Sofern gewisse Regelungen des rechtlichen Rahmens für Radiologinnen oder Radiologen als Medfluencer nicht beachtet oder eingehalten werden, kann es zu einer Abmahnung kommen. Eine Abmahnung umfasst

  • ein Abmahnschreiben, in dem die Rechtsverstöße aufgelistet sind,
  • eine vorformulierte Unterlassungserklärung, bei der der Abgemahnte aufgefordert, wird, diese Rechtsverstöße in Zukunft zu unterlassen sowie
  • eine Ankündigung, bei Zuwiderhandlung eine festgelegte Vertragsstrafe zu zahlen.

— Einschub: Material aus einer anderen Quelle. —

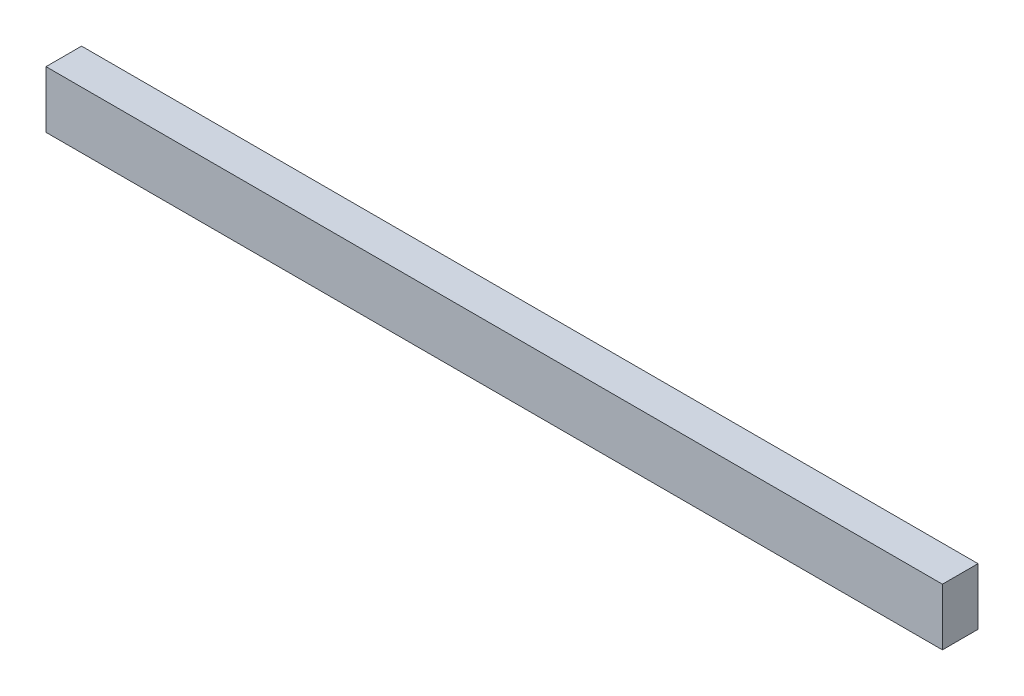
ISO-10303-21;
HEADER;
FILE_DESCRIPTION(('STEP AP214'),'2;1');
FILE_NAME('part.step','',(''),(''),'','','');
FILE_SCHEMA(('AUTOMOTIVE_DESIGN { 1 0 10303 214 1 1 1 1 }'));
ENDSEC;
DATA;
#1=APPLICATION_CONTEXT('core data for automotive mechanical design processes');
#2=APPLICATION_PROTOCOL_DEFINITION('international standard','automotive_design',2000,#1);
#3=PRODUCT_CONTEXT('',#1,'mechanical');
#4=PRODUCT('Part','Part','',(#3));
#5=PRODUCT_RELATED_PRODUCT_CATEGORY('part','',(#4));
#6=PRODUCT_DEFINITION_FORMATION('','',#4);
#7=PRODUCT_DEFINITION_CONTEXT('part definition',#1,'design');
#8=PRODUCT_DEFINITION('design','',#6,#7);
#9=PRODUCT_DEFINITION_SHAPE('','',#8);
#10=(LENGTH_UNIT() NAMED_UNIT(*) SI_UNIT(.MILLI.,.METRE.));
#11=(NAMED_UNIT(*) PLANE_ANGLE_UNIT() SI_UNIT($,.RADIAN.));
#12=(NAMED_UNIT(*) SI_UNIT($,.STERADIAN.) SOLID_ANGLE_UNIT());
#13=UNCERTAINTY_MEASURE_WITH_UNIT(LENGTH_MEASURE(1.E-05),#10,'distance_accuracy_value','');
#14=(GEOMETRIC_REPRESENTATION_CONTEXT(3) GLOBAL_UNCERTAINTY_ASSIGNED_CONTEXT((#13)) GLOBAL_UNIT_ASSIGNED_CONTEXT((#10,
#11,#12)) REPRESENTATION_CONTEXT('',''));
#15=CARTESIAN_POINT('',(0.,0.,0.));
#16=DIRECTION('',(0.,0.,1.));
#17=DIRECTION('',(1.,0.,0.));
#18=AXIS2_PLACEMENT_3D('',#15,#16,#17);
#19=CARTESIAN_POINT('',(700.,1620.,-752.));
#20=DIRECTION('',(-1.,0.,0.));
#21=DIRECTION('',(0.,0.,1.));
#22=AXIS2_PLACEMENT_3D('',#19,#20,#21);
#23=PLANE('',#22);
#24=DIRECTION('',(0.,-1.,0.));
#25=VECTOR('',#24,1.);
#26=CARTESIAN_POINT('',(700.,1620.,-727.));
#27=LINE('',#26,#25);
#28=CARTESIAN_POINT('',(700.,1660.,-727.));
#29=VERTEX_POINT('',#28);
#30=CARTESIAN_POINT('',(700.,1620.,-727.));
#31=VERTEX_POINT('',#30);
#32=EDGE_CURVE('E103',#29,#31,#27,.T.);
#33=ORIENTED_EDGE('',*,*,#32,.F.);
#34=DIRECTION('',(0.,0.,1.));
#35=VECTOR('',#34,1.);
#36=CARTESIAN_POINT('',(700.,1660.,-752.));
#37=LINE('',#36,#35);
#38=CARTESIAN_POINT('',(700.,1660.,-752.));
#39=VERTEX_POINT('',#38);
#40=EDGE_CURVE('E11',#39,#29,#37,.T.);
#41=ORIENTED_EDGE('',*,*,#40,.F.);
#42=DIRECTION('',(0.,-1.,0.));
#43=VECTOR('',#42,1.);
#44=CARTESIAN_POINT('',(700.,1620.,-752.));
#45=LINE('',#44,#43);
#46=CARTESIAN_POINT('',(700.,1620.,-752.));
#47=VERTEX_POINT('',#46);
#48=EDGE_CURVE('E97',#39,#47,#45,.T.);
#49=ORIENTED_EDGE('',*,*,#48,.T.);
#50=DIRECTION('',(0.,0.,1.));
#51=VECTOR('',#50,1.);
#52=CARTESIAN_POINT('',(700.,1620.,-752.));
#53=LINE('',#52,#51);
#54=EDGE_CURVE('E42',#47,#31,#53,.T.);
#55=ORIENTED_EDGE('',*,*,#54,.T.);
#56=EDGE_LOOP('',(#33,#41,#49,#55));
#57=FACE_BOUND('',#56,.T.);
#58=ADVANCED_FACE('F39',(#57),#23,.T.);
#59=CARTESIAN_POINT('',(700.,1660.,-752.));
#60=DIRECTION('',(0.,1.,0.));
#61=DIRECTION('',(0.,0.,1.));
#62=AXIS2_PLACEMENT_3D('',#59,#60,#61);
#63=PLANE('',#62);
#64=DIRECTION('',(-1.,0.,0.));
#65=VECTOR('',#64,1.);
#66=CARTESIAN_POINT('',(700.,1660.,-727.));
#67=LINE('',#66,#65);
#68=CARTESIAN_POINT('',(1330.,1660.,-727.));
#69=VERTEX_POINT('',#68);
#70=EDGE_CURVE('E99',#69,#29,#67,.T.);
#71=ORIENTED_EDGE('',*,*,#70,.F.);
#72=DIRECTION('',(0.,0.,1.));
#73=VECTOR('',#72,1.);
#74=CARTESIAN_POINT('',(1330.,1660.,-752.));
#75=LINE('',#74,#73);
#76=CARTESIAN_POINT('',(1330.,1660.,-752.));
#77=VERTEX_POINT('',#76);
#78=EDGE_CURVE('E48',#77,#69,#75,.T.);
#79=ORIENTED_EDGE('',*,*,#78,.F.);
#80=DIRECTION('',(-1.,0.,0.));
#81=VECTOR('',#80,1.);
#82=CARTESIAN_POINT('',(700.,1660.,-752.));
#83=LINE('',#82,#81);
#84=EDGE_CURVE('E94',#77,#39,#83,.T.);
#85=ORIENTED_EDGE('',*,*,#84,.T.);
#86=ORIENTED_EDGE('',*,*,#40,.T.);
#87=EDGE_LOOP('',(#71,#79,#85,#86));
#88=FACE_BOUND('',#87,.T.);
#89=ADVANCED_FACE('F113',(#88),#63,.T.);
#90=CARTESIAN_POINT('',(1330.,1620.,-752.));
#91=DIRECTION('',(1.,0.,0.));
#92=DIRECTION('',(0.,0.,-1.));
#93=AXIS2_PLACEMENT_3D('',#90,#91,#92);
#94=PLANE('',#93);
#95=DIRECTION('',(0.,1.,0.));
#96=VECTOR('',#95,1.);
#97=CARTESIAN_POINT('',(1330.,1620.,-727.));
#98=LINE('',#97,#96);
#99=CARTESIAN_POINT('',(1330.,1620.,-727.));
#100=VERTEX_POINT('',#99);
#101=EDGE_CURVE('E89',#100,#69,#98,.T.);
#102=ORIENTED_EDGE('',*,*,#101,.F.);
#103=DIRECTION('',(0.,0.,1.));
#104=VECTOR('',#103,1.);
#105=CARTESIAN_POINT('',(1330.,1620.,-752.));
#106=LINE('',#105,#104);
#107=CARTESIAN_POINT('',(1330.,1620.,-752.));
#108=VERTEX_POINT('',#107);
#109=EDGE_CURVE('E84',#108,#100,#106,.T.);
#110=ORIENTED_EDGE('',*,*,#109,.F.);
#111=DIRECTION('',(0.,1.,0.));
#112=VECTOR('',#111,1.);
#113=CARTESIAN_POINT('',(1330.,1620.,-752.));
#114=LINE('',#113,#112);
#115=EDGE_CURVE('E87',#108,#77,#114,.T.);
#116=ORIENTED_EDGE('',*,*,#115,.T.);
#117=ORIENTED_EDGE('',*,*,#78,.T.);
#118=EDGE_LOOP('',(#102,#110,#116,#117));
#119=FACE_BOUND('',#118,.T.);
#120=ADVANCED_FACE('F86',(#119),#94,.T.);
#121=CARTESIAN_POINT('',(700.,1620.,-752.));
#122=DIRECTION('',(0.,-1.,0.));
#123=DIRECTION('',(0.,0.,-1.));
#124=AXIS2_PLACEMENT_3D('',#121,#122,#123);
#125=PLANE('',#124);
#126=DIRECTION('',(1.,0.,0.));
#127=VECTOR('',#126,1.);
#128=CARTESIAN_POINT('',(700.,1620.,-727.));
#129=LINE('',#128,#127);
#130=EDGE_CURVE('E106',#31,#100,#129,.T.);
#131=ORIENTED_EDGE('',*,*,#130,.F.);
#132=ORIENTED_EDGE('',*,*,#54,.F.);
#133=DIRECTION('',(1.,0.,0.));
#134=VECTOR('',#133,1.);
#135=CARTESIAN_POINT('',(700.,1620.,-752.));
#136=LINE('',#135,#134);
#137=EDGE_CURVE('E93',#47,#108,#136,.T.);
#138=ORIENTED_EDGE('',*,*,#137,.T.);
#139=ORIENTED_EDGE('',*,*,#109,.T.);
#140=EDGE_LOOP('',(#131,#132,#138,#139));
#141=FACE_BOUND('',#140,.T.);
#142=ADVANCED_FACE('F96',(#141),#125,.T.);
#143=CARTESIAN_POINT('',(0.,0.,-752.));
#144=DIRECTION('',(0.,0.,-1.));
#145=DIRECTION('',(-1.,0.,0.));
#146=AXIS2_PLACEMENT_3D('',#143,#144,#145);
#147=PLANE('',#146);
#148=ORIENTED_EDGE('',*,*,#48,.F.);
#149=ORIENTED_EDGE('',*,*,#84,.F.);
#150=ORIENTED_EDGE('',*,*,#115,.F.);
#151=ORIENTED_EDGE('',*,*,#137,.F.);
#152=EDGE_LOOP('',(#148,#149,#150,#151));
#153=FACE_BOUND('',#152,.T.);
#154=ADVANCED_FACE('F92',(#153),#147,.T.);
#155=CARTESIAN_POINT('',(0.,0.,-727.));
#156=DIRECTION('',(0.,0.,-1.));
#157=DIRECTION('',(-1.,0.,0.));
#158=AXIS2_PLACEMENT_3D('',#155,#156,#157);
#159=PLANE('',#158);
#160=ORIENTED_EDGE('',*,*,#32,.T.);
#161=ORIENTED_EDGE('',*,*,#130,.T.);
#162=ORIENTED_EDGE('',*,*,#101,.T.);
#163=ORIENTED_EDGE('',*,*,#70,.T.);
#164=EDGE_LOOP('',(#160,#161,#162,#163));
#165=FACE_BOUND('',#164,.T.);
#166=ADVANCED_FACE('F112',(#165),#159,.F.);
#167=CLOSED_SHELL('',(#58,#89,#120,#142,#154,#166));
#168=MANIFOLD_SOLID_BREP('B2',#167);
#169=ADVANCED_BREP_SHAPE_REPRESENTATION('',(#18,#168),#14);
#170=SHAPE_DEFINITION_REPRESENTATION(#9,#169);
ENDSEC;
END-ISO-10303-21;

Abgemahnt werden Wettbewerbsverstöße nach dem UWG. Gegen einen (fairen) Wettbewerb verstößt, wer unlauter handelt. Eine unlautere Geschäftshandlung ist beispielsweise die Irreführung. Was unter Irreführung speziell bei der Werbung der Heilberufe zu verstehen ist, regelt zusätzlich § 3 HWG. Beide Gesetze bilden die rechtliche Grundlage für Werbung auf dem Gebiet medizinischer Behandlungsmaßnahmen. Ein Verstoß gegen das HWG ist immer auch ein Verstoß gegen das UWG. Im Abmahnschreiben heißt es dann z. B. „Verstoß gegen § 3 HWG in Verbindung mit den §§ 1, 3, 5 UWG“. Unlauter und damit irreführend handelt, wer beispielsweise Behauptungen aufstellt, die er durch entsprechende Studien nicht belegen kann, während Mitbewerber die gleichen Behauptungen nicht aufstellen, eben weil sie sie nicht belegen können. Damit verschafft sich der Abzumahnende einen unlauteren Wettbewerbsvorteil gegenüber seinen Mitbewerbern. Werbebehauptungen können irreführend und täuschend im Sinne des § 5 Abs. 1 Nr. 1 UWG und des § 3 HWG sein. Es darf für diese Behandlungs-/Untersuchungsverfahren nicht mit (weit) übertriebenen und wissenschaftlich nicht gesicherten Aussagen bzw. belegten Wirkungsbehauptungen geworben werden. Die angesprochenen Verkehrskreise (Patienten/Verbraucher) könnten die Werbung dahin gehend verstehen, dass mithilfe dieser Therapie aufgeführte Wirkungen auf den menschlichen Körper erzielt und die genannten Krankheiten und Leiden wirkungsvoll behandelt werden können. Dies ist jedoch nicht wissenschaftlich nachgewiesen und könnte daher als unzulässig eingeschätzt werden.

Fazit

Mit mehr Reichweite wächst auch die Verantwortung. Infotainment kann für Ärztinnen und Ärzte eine gute Möglichkeit sein, Themen zu adressieren, aufzuklären und gleichzeitig die eigene Tätigkeit für medizinische Laien transparent zu machen. Ärztliche Werbung muss berufsbezogen, sachlich und angemessen sein und darf das Vertrauen in den Berufsstand nicht gefährden. Wer zwar Imagewerbung für sich selbst macht und dabei aber nicht für die Produkte anderer wirbt, ist rechtlich auf der sicheren Seite. So bliebt das große Vertrauen, das Ärzte genießen, auch in den sozialen Netzwerken langfristig erhalten. Medfluencer sind mittlerweile ein fester Bestandteil der Gesundheitskommunikation. Je größer der Account, desto erheblicher der Einfluss auf das Gesundheitsverhalten. Damit einher geht eine besondere Verpflichtung zu Seriosität – gerade auch, weil oft sehr junge Menschen die sozialen Netzwerke konsumieren. Wer mit einer gewissen Seriosität und Sensibilität seinen Account betreut, kann nicht nur Wissen vermitteln, sondern sich auch als Experte und ggf. potenzieller Arbeitgeber positionieren. So gelingt niedrigschwelliger Zugang zu medizinischen Themen und echter Mehrwert – auch für medizinische Laien. Digitale Gesundheitskommunikation ist eine echte Chance für Ärzte, die sie nutzen sollten.